A: Overall, it could have been better. There were a lot of things that conspired to create the low growth. We were really looking for a much better market this year. Given this state of the world economy, it’s holding its own and doing as well as can be expected.

Going into 2012, there’s not a lot of optimism. Most forecasts are around ours for GDP, but, again, those are forecasts. We started out last year with a lot of people pretty optimistic, so [2012] could go the other way, as well.
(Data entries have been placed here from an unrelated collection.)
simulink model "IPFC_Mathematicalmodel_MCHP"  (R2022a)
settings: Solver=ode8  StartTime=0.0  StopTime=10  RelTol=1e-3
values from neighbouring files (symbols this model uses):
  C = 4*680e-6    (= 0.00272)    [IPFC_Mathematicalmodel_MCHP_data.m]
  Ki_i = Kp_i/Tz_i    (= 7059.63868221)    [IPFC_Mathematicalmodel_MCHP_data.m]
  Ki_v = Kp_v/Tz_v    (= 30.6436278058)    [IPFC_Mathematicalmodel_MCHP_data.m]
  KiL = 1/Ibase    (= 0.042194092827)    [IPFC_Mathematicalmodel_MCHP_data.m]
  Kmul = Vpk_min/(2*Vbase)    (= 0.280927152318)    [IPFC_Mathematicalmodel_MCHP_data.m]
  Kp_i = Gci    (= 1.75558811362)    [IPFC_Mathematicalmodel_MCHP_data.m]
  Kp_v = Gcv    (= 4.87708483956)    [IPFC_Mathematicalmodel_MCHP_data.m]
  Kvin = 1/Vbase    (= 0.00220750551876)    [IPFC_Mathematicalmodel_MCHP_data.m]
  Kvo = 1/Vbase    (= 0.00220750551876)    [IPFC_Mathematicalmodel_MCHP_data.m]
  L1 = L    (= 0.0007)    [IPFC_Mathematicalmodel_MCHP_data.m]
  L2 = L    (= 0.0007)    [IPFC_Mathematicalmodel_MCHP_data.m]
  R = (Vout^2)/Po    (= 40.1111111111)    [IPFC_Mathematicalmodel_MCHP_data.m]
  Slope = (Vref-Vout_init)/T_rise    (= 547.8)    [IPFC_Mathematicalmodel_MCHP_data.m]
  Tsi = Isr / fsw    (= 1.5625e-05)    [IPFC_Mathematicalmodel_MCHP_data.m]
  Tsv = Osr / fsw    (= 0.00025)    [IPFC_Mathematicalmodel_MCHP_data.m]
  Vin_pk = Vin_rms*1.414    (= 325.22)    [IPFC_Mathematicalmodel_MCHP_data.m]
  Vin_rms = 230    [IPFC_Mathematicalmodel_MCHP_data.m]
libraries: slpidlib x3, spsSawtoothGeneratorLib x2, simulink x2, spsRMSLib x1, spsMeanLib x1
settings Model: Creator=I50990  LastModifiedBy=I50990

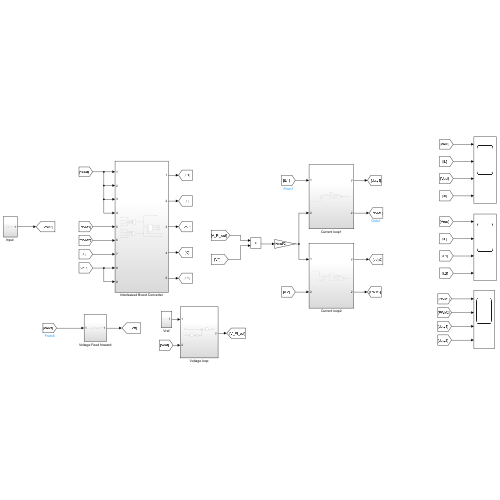
[thumbnail: Simulink's stored preview of the top-level diagram]
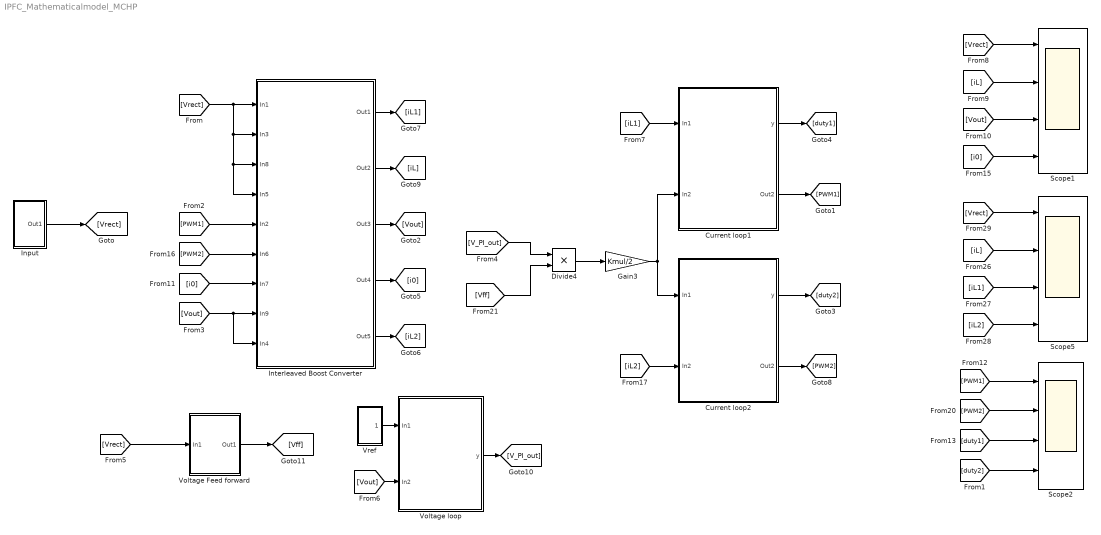
== system IPFC_Mathematicalmodel_MCHP ==
  Current loop1 : Subsystem
  Current loop2 : Subsystem
  Divide4 : Product  Inputs=**
  Gain3 : Gain  Gain=Kmul/2
  "Input " : Subsystem
  Interleaved Boost Converter : Subsystem
  Scope1 : Scope  NumInputPorts=4
  Scope2 : Scope  NumInputPorts=4
  Scope5 : Scope  NumInputPorts=4
  Voltage Feed forward : Subsystem
  Voltage loop : Subsystem
  Vref : Subsystem
  wires:
  Divide4/1 -> Gain3/1
  [Vrect] -> Scope1/1
  [iL] -> Scope1/2
  [Vout] -> Scope1/3
  [PWM1] -> Scope2/1
  [i0] -> Scope1/4
  "Input "/1(Out1) -> [Vrect]
  Gain3/1 -> Current loop1/2(In2), Current loop2/1(In1)
  [iL] -> Scope5/2
  [iL1] -> Scope5/3
  [iL2] -> Scope5/4
  [Vrect] -> Scope5/1
  [Vrect] -> Interleaved Boost Converter/4(In5), Interleaved Boost Converter/3(In8), Interleaved Boost Converter/2(In3), Interleaved Boost Converter/1(In1)
  [PWM1] -> Interleaved Boost Converter/5(In2)
  [Vout] -> Interleaved Boost Converter/9(In4), Interleaved Boost Converter/8(In9)
  [PWM2] -> Interleaved Boost Converter/6(In6)
  [i0] -> Interleaved Boost Converter/7(In7)
  Interleaved Boost Converter/1(Out1) -> [iL1]
  Interleaved Boost Converter/2(Out2) -> [iL]
  Interleaved Boost Converter/3(Out3) -> [Vout]
  Interleaved Boost Converter/4(Out4) -> [i0]
  Interleaved Boost Converter/5(Out5) -> [iL2]
  [V_PI_out] -> Divide4/1
  [Vff] -> Divide4/2
  [Vrect] -> Voltage Feed forward/1(In1)
  Voltage Feed forward/1(Out1) -> [Vff]
  Vref/1(Out1) -> Voltage loop/1(In1)
  [Vout] -> Voltage loop/2(In2)
  Voltage loop/1(y) -> [V_PI_out]
  [iL1] -> Current loop1/1(In1)
  Current loop1/1(y) -> [duty1]
  Current loop1/2(Out2) -> [PWM1]
  [iL2] -> Current loop2/2(In2)
  Current loop2/1(y) -> [duty2]
  Current loop2/2(Out2) -> [PWM2]
  [PWM2] -> Scope2/2
  [duty2] -> Scope2/4
  [duty1] -> Scope2/3

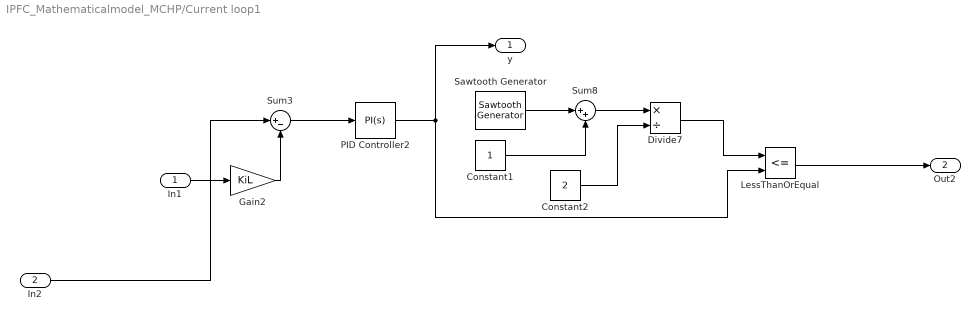
== system IPFC_Mathematicalmodel_MCHP/Current loop1 ==
  In1 : Inport
  In2 : Inport  Port=2
  Constant1 : Constant
  Constant2 : Constant  Value=2
  Divide7 : Product  Inputs=*/
  Gain2 : Gain  Gain=KiL
  LessThanOrEqual : RelationalOperator  Operator=<=  OutDataTypeStr=boolean  RndMeth=Simplest  InputSameDT=off
  PID Controller2 : slpidlib/PID Controller  Controller=PI  Form=Parallel  TimeDomain=Continuous-time  UseExternalTs=off  SampleTime=-1  IntegratorMethod=Forward Euler  FilterMethod=Forward Euler  ControllerParametersSource=internal  P=Kp_i  I=Ki_i  UseKiTs=off  D=0  N=100  UseFilter=on  TunerSelectOption=Transfer Function Based (PID Tuner App)  ZeroCross=off  InitialConditionSource=internal  InitialConditionForIntegrator=0  InitialConditionForFilter=0  DifferentiatorICPrevScaledInput=0  ExternalReset=none  TrackingMode=off  Kt=1  LimitOutput=on  SatLimitsSource=internal  UpperSaturationLimit=0.95  LowerSaturationLimit=0  LinearizeAsGain=on  AntiWindupMode=none  Kb=1  POutMin=[]  POutMax=[]  IOutMin=[]  IOutMax=[]  DOutMin=[]  DOutMax=[]  NOutMin=[]  NOutMax=[]  SumOutMin=[]  SumOutMax=[]  SaturationOutMin=[]  SaturationOutMax=[]  PParamMin=[]  PParamMax=[]  IParamMin=[]  IParamMax=[]  DParamMin=[]  DParamMax=[]  NParamMin=[]  NParamMax=[]  KbParamMin=[]  KbParamMax=[]  KtParamMin=[]  KtParamMax=[]  KbOutMin=[]  KbOutMax=[]  KtOutMin=[]  KtOutMax=[]  IntegratorOutMin=[]  IntegratorOutMax=[]  FilterOutMin=[]  FilterOutMax=[]  SumI1OutMin=[]  SumI1OutMax=[]  SumI2OutMin=[]  SumI2OutMax=[]  SumI3OutMin=[]  SumI3OutMax=[]  SumI4OutMin=[]  SumI4OutMax=[]  SumDOutMin=[]  SumDOutMax=[]  DifferentiatorOutMin=[]  DifferentiatorOutMax=[]  FilterDiffOutCoefMin=[]  FilterDiffOutCoefMax=[]  ReciprocalOutMin=[]  ReciprocalOutMax=[]  SumDenOutMin=[]  SumDenOutMax=[]  SumNumOutMin=[]  SumNumOutMax=[]  DivideOutMin=[]  DivideOutMax=[]  UdiffTsProdOutMin=[]  UdiffTsProdOutMax=[]  NTsProdOutMin=[]  NTsProdOutMax=[]  UintegralTsProdOutMin=[]  UintegralTsProdOutMax=[]  UngainTsProdOutMin=[]  UngainTsProdOutMax=[]  IntegratorContinuousStateAttributes=''  IntegratorStateMustResolveToSignalObject=off  IntegratorRTWStateStorageClass=Auto  FilterContinuousStateAttributes=''  FilterStateMustResolveToSignalObject=off  FilterRTWStateStorageClass=Auto  ParallelPVariant=InternalParameters  IdealPVariant=Disabled  IVariant=InternalParameters  DVariant=Disabled  IntegratorVariant=Continuous  SatVariant=Enabled  AWVariant=Passthrough  PCopyVariant=Disabled  TRVariant=Disabled  FdbkBlocksVariant=Forward  IdealPFdbkVariant=Disabled  SatFdbkVariant=Disabled  DerivativeFilterVariant=Disabled  NVariant=Disabled  NCopyVariant=Disabled_SignalSpec  FilterICVariant=Disabled  IntegratorICVariant=InternalICs  ExternalResetVariant=Disabled  TRSumVariant=Passthrough  SumFdbkVariant=Disabled  SumVariant=Sum_PI  TsampFilterVariant=InternalTs  TsampNgainVariant=Passthrough  TsampIntegralVariant=Passthrough  ExternalSaturationOutDataTypeStr=Inherit: Same as second input  aMode=0
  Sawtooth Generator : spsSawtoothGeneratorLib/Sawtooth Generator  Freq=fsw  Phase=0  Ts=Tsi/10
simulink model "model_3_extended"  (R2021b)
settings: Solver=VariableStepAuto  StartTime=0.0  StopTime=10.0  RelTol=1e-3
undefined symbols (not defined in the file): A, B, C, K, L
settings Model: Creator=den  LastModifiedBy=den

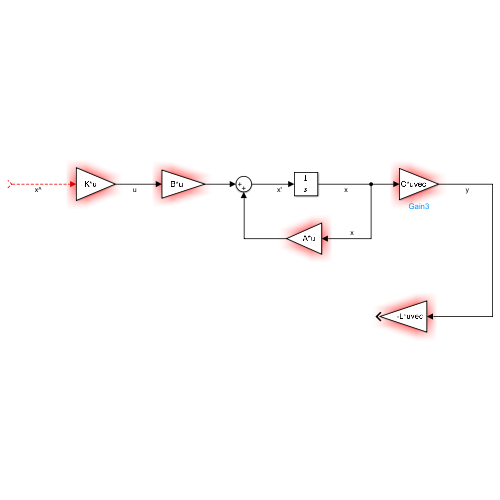
[thumbnail: Simulink's stored preview of the top-level diagram]
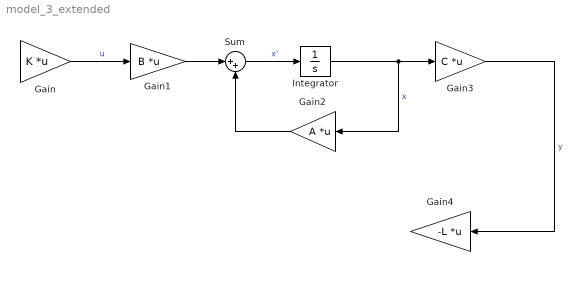
== system model_3_extended ==
  Gain : Gain  Gain=K  Multiplication=Matrix(K*u)
  Gain1 : Gain  Gain=B  Multiplication=Matrix(K*u)
  Gain2 : Gain  Gain=A  Multiplication=Matrix(K*u)
  Gain3 : Gain  Gain=C  Multiplication=Matrix(K*u) (u vector)
  Gain4 : Gain  Gain=-L  Multiplication=Matrix(K*u) (u vector)
  Integrator : Integrator
  Sum : Sum  Inputs=|++
  wires:
  Gain/1 -> Gain1/1  "u"
  ? -> Gain/1  "x^"
  Gain1/1 -> Sum/1
  Gain2/1 -> Sum/2
  Integrator/1 -> Gain3/1, Gain2/1  "x"
  Sum/1 -> Integrator/1  "x'"
  Gain3/1 -> Gain4/1  "y"

In the US economy, there’s 9% unemployment now, but what really matters to the economy is how the other 91% feel. If they have a scared attitude, an uncertain attitude, it is not going to do very well. If they feel confident, if the unemployment rate goes down and people start to say that it’s getting better or not getting worse, ... people will get off the fence. Once things start turning, purchases can do better than [estimates]. There’s some hope. Growth in the mid- to high-single digits is still very doable next year, even given the mediocre outlook.

Any thoughts on 2013?

A: We’re thinking it’s going to be a little slower than 2012. Again, as in the past, there is a postelection cycle. The United States has its presidential election next year, and things [such as unemployment-benefit extensions and payroll-tax cuts] will be extended because politicians want to be re-elected. Those [things] will give a little boost to the economy. The problem is that, if you extend that [move] through 2012, in 2013 after the elections, [politicians] start to get tougher. So, we’re looking to a slower market—not a disaster. We don’t think there will be a big overbuild or inventory issue in 2012 that will need to be adjusted in 2013. We’re looking at mid-single-digit growth for the semiconductor industry. As the world economy does recover, the housing market recovers, and all of these things get better over time, 2014 and 2015 could be really big years approaching and exceeding double-digit growth for the industry.